• _Required work_
Lines from the entries below that hold "roof" form the answer; copy all of them.

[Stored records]
*** Begin section ***

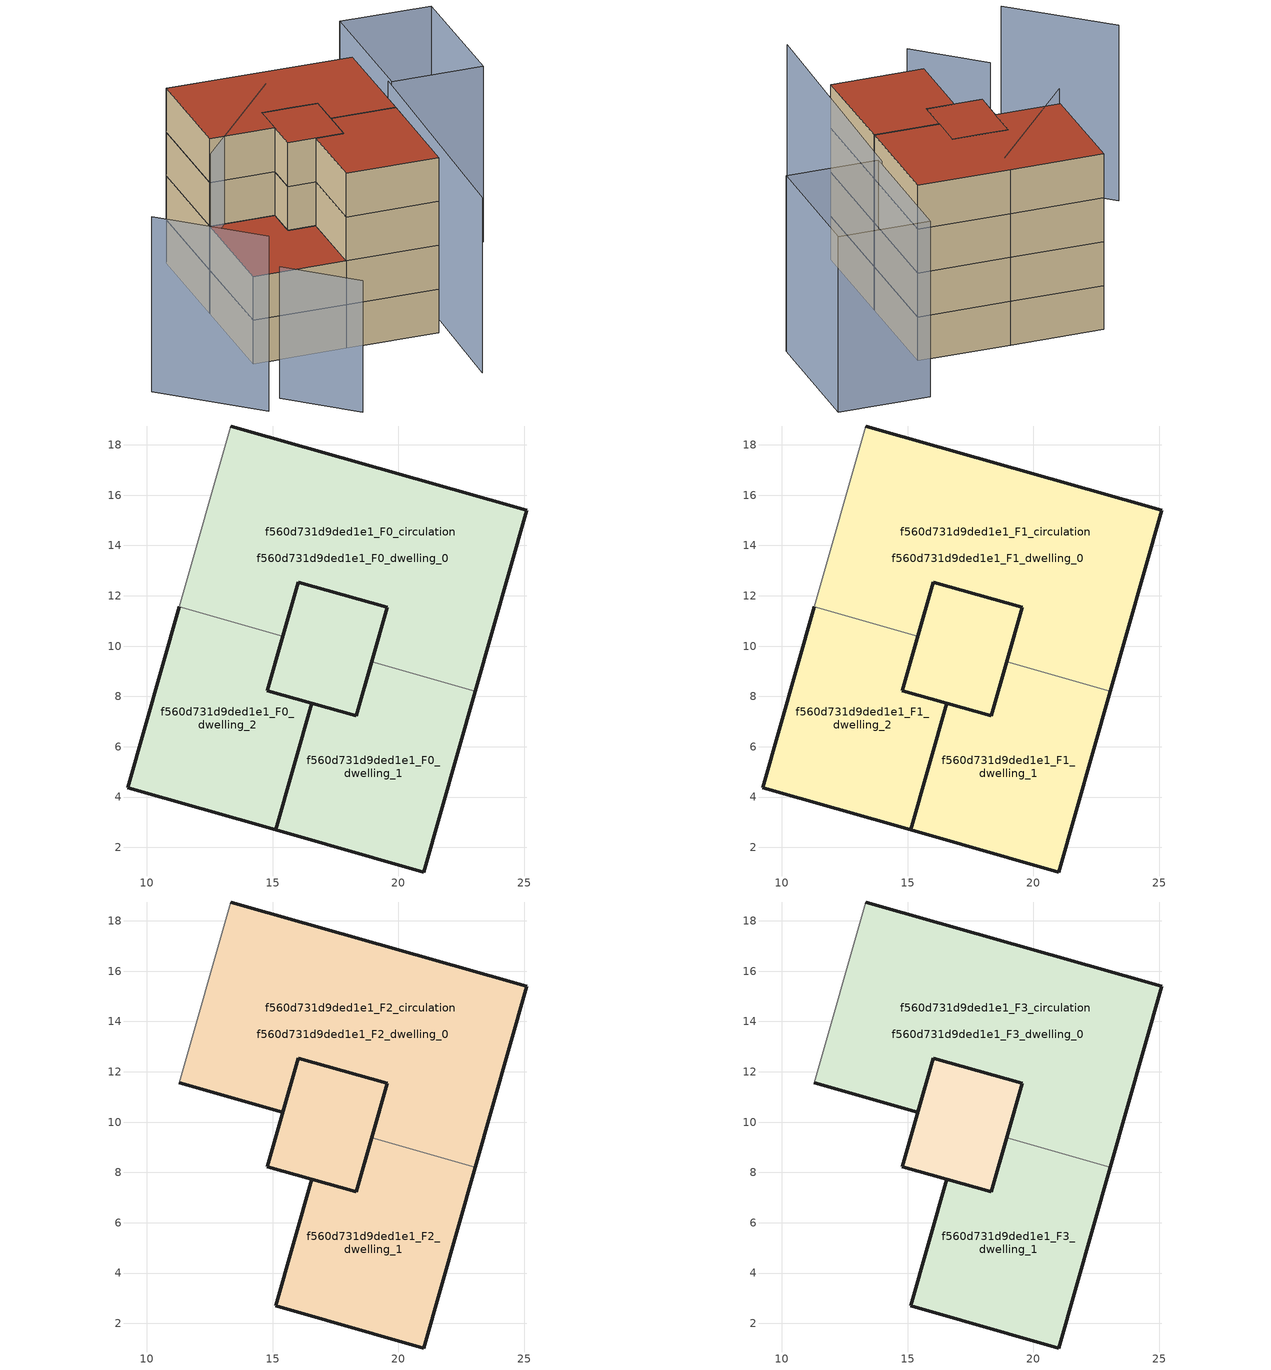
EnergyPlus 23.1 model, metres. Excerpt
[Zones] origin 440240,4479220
f560d731d9ded1e1_F0_dwelling_0
 floor ground (EU_floor_Construction): 19.55,11.54 18.94,9.38 18.32,7.23 14.8,8.23 15.41,10.39 16.02,12.54 z0; 25.09,15.41 23.05,8.21 18.94,9.38 19.55,11.54 17.79,12.04 16.02,12.54 15.41,10.39 11.3,11.56 13.34,18.75 19.22,17.08 z0
 wall outside (EU_wall_Construction): 23.05,8.21 25.09,15.41 19.22,17.08 13.34,18.75 / 15.41,10.39 16.02,12.54 17.79,12.04 19.55,11.54 18.94,9.38 z0:3
 wall adiabatic (EU_wall_Construction): 13.34,18.75 11.3,11.56 z0:3
 wall to f560d731d9ded1e1_F0_dwelling_1 (EU_wall_Construction): 18.94,9.38 23.05,8.21 z0:3
 wall to f560d731d9ded1e1_F0_dwelling_2 (EU_wall_Construction): 11.3,11.56 15.41,10.39 z0:3
f560d731d9ded1e1_F0_dwelling_1
 floor ground (EU_floor_Construction): 23.05,8.21 21,1.02 15.13,2.69 16.56,7.73 18.32,7.23 18.94,9.38 z0; 19.55,11.54 18.94,9.38 18.32,7.23 16.56,7.73 14.8,8.23 16.02,12.54 z0
 wall outside (EU_wall_Construction): 18.94,9.38 18.32,7.23 16.56,7.73 15.13,2.69 21,1.02 23.05,8.21 z0:3
f560d731d9ded1e1_F0_dwelling_2
 floor ground (EU_floor_Construction): 15.41,10.39 14.87,8.49 14.8,8.23 16.56,7.73 15.13,2.69 9.25,4.36 11.3,11.56 z0; 19.55,11.54 18.32,7.23 16.56,7.73 14.8,8.23 14.87,8.49 15.41,10.39 16.02,12.54 z0
 wall outside (EU_wall_Construction): 11.3,11.56 9.25,4.36 15.13,2.69 16.56,7.73 14.8,8.23 15.41,10.39 z0:3
f560d731d9ded1e1_F0_circulation
 floor ground (EU_floor_Construction): 25.09,15.41 23.05,8.21 18.94,9.38 19.55,11.54 17.79,12.04 16.02,12.54 15.41,10.39 11.3,11.56 13.34,18.75 19.22,17.08 z0; 19.55,11.54 18.94,9.38 18.32,7.23 16.56,7.73 14.8,8.23 14.88,8.5 15.41,10.39 16.02,12.54 z0; 23.05,8.21 21,1.02 15.13,2.69 16.56,7.73 18.32,7.23 18.94,9.38 z0; 15.41,10.39 14.87,8.49 14.8,8.23 16.56,7.73 15.13,2.69 9.25,4.36 11.3,11.56 z0
 wall outside (EU_wall_Construction): 14.8,8.23 18.32,7.23 19.55,11.54 16.02,12.54 14.8,8.23 z0:3
f560d731d9ded1e1_F1_dwelling_0
 floor outside (EU_floor_Construction): 25.09,15.41 23.05,8.21 18.94,9.38 19.55,11.54 17.79,12.04 16.02,12.54 15.41,10.39 11.3,11.56 13.34,18.75 19.22,17.08 z3
 floor to f560d731d9ded1e1_F0_dwelling_0 (EU_floor_Construction): 19.55,11.54 18.94,9.38 18.32,7.23 14.8,8.23 15.41,10.39 16.02,12.54 17.79,12.04 z3
 wall outside (EU_wall_Construction): 23.05,8.21 25.09,15.41 19.22,17.08 13.34,18.75 / 15.41,10.39 16.02,12.54 17.79,12.04 19.55,11.54 18.94,9.38 z3:6
 wall adiabatic (EU_wall_Construction): 13.34,18.75 11.3,11.56 z3:6
 wall to f560d731d9ded1e1_F1_dwelling_1 (EU_wall_Construction): 18.94,9.38 23.05,8.21 z3:6
 wall to f560d731d9ded1e1_F1_dwelling_2 (EU_wall_Construction): 11.3,11.56 15.41,10.39 z3:6
f560d731d9ded1e1_F1_dwelling_1
 floor to f560d731d9ded1e1_F0_dwelling_1 (EU_floor_Construction): 23.05,8.21 21,1.02 15.13,2.69 16.56,7.73 18.32,7.23 18.94,9.38 z3; 19.55,11.54 18.94,9.38 18.32,7.23 16.56,7.73 14.8,8.23 16.02,12.54 z3
 wall outside (EU_wall_Construction): 18.94,9.38 18.32,7.23 16.56,7.73 15.13,2.69 21,1.02 23.05,8.21 z3:6
f560d731d9ded1e1_F1_dwelling_2
 floor to f560d731d9ded1e1_F0_dwelling_2 (EU_floor_Construction): 15.41,10.39 14.8,8.23 16.56,7.73 15.13,2.69 9.25,4.36 11.3,11.56 z3; 19.55,11.54 18.32,7.23 16.56,7.73 14.8,8.23 15.41,10.39 16.02,12.54 z3
 wall outside (EU_wall_Construction): 11.3,11.56 9.25,4.36 15.13,2.69 16.56,7.73 14.8,8.23 15.41,10.39 z3:6
 roof outside (EU_roof_Construction): 18.32,7.23 19.55,11.54 16.02,12.54 15.41,10.39 14.87,8.49 14.8,8.23 16.56,7.73 z6; 15.13,2.69 16.56,7.73 14.8,8.23 14.87,8.49 15.41,10.39 11.3,11.56 9.25,4.36 z6
f560d731d9ded1e1_F1_circulation
 floor outside (EU_floor_Construction): 23.05,8.21 21,1.02 15.13,2.69 16.56,7.73 18.32,7.23 18.94,9.38 z3
 floor to f560d731d9ded1e1_F0_circulation (EU_floor_Construction): 25.09,15.41 23.05,8.21 18.94,9.38 19.55,11.54 17.79,12.04 16.02,12.54 15.41,10.39 11.3,11.56 13.34,18.75 19.22,17.08 z3; 19.55,11.54 18.94,9.38 18.32,7.23 16.56,7.73 14.8,8.23 14.88,8.5 15.41,10.39 16.02,12.54 z3; 15.41,10.39 14.87,8.49 14.8,8.23 16.56,7.73 15.13,2.69 9.25,4.36 11.3,11.56 z3
 wall outside (EU_wall_Construction): 14.8,8.23 18.32,7.23 19.55,11.54 16.02,12.54 14.8,8.23 z3:6
 roof outside (EU_floor_Construction): 15.13,2.69 16.56,7.73 14.8,8.23 14.87,8.49 15.41,10.39 11.3,11.56 9.25,4.36 z6
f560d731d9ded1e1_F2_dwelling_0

*** End section ***

• _Output of the exercise_
 roof outside (EU_roof_Construction): 18.32,7.23 19.55,11.54 16.02,12.54 15.41,10.39 14.87,8.49 14.8,8.23 16.56,7.73 z6; 15.13,2.69 16.56,7.73 14.8,8.23 14.87,8.49 15.41,10.39 11.3,11.56 9.25,4.36 z6
 roof outside (EU_floor_Construction): 15.13,2.69 16.56,7.73 14.8,8.23 14.87,8.49 15.41,10.39 11.3,11.56 9.25,4.36 z6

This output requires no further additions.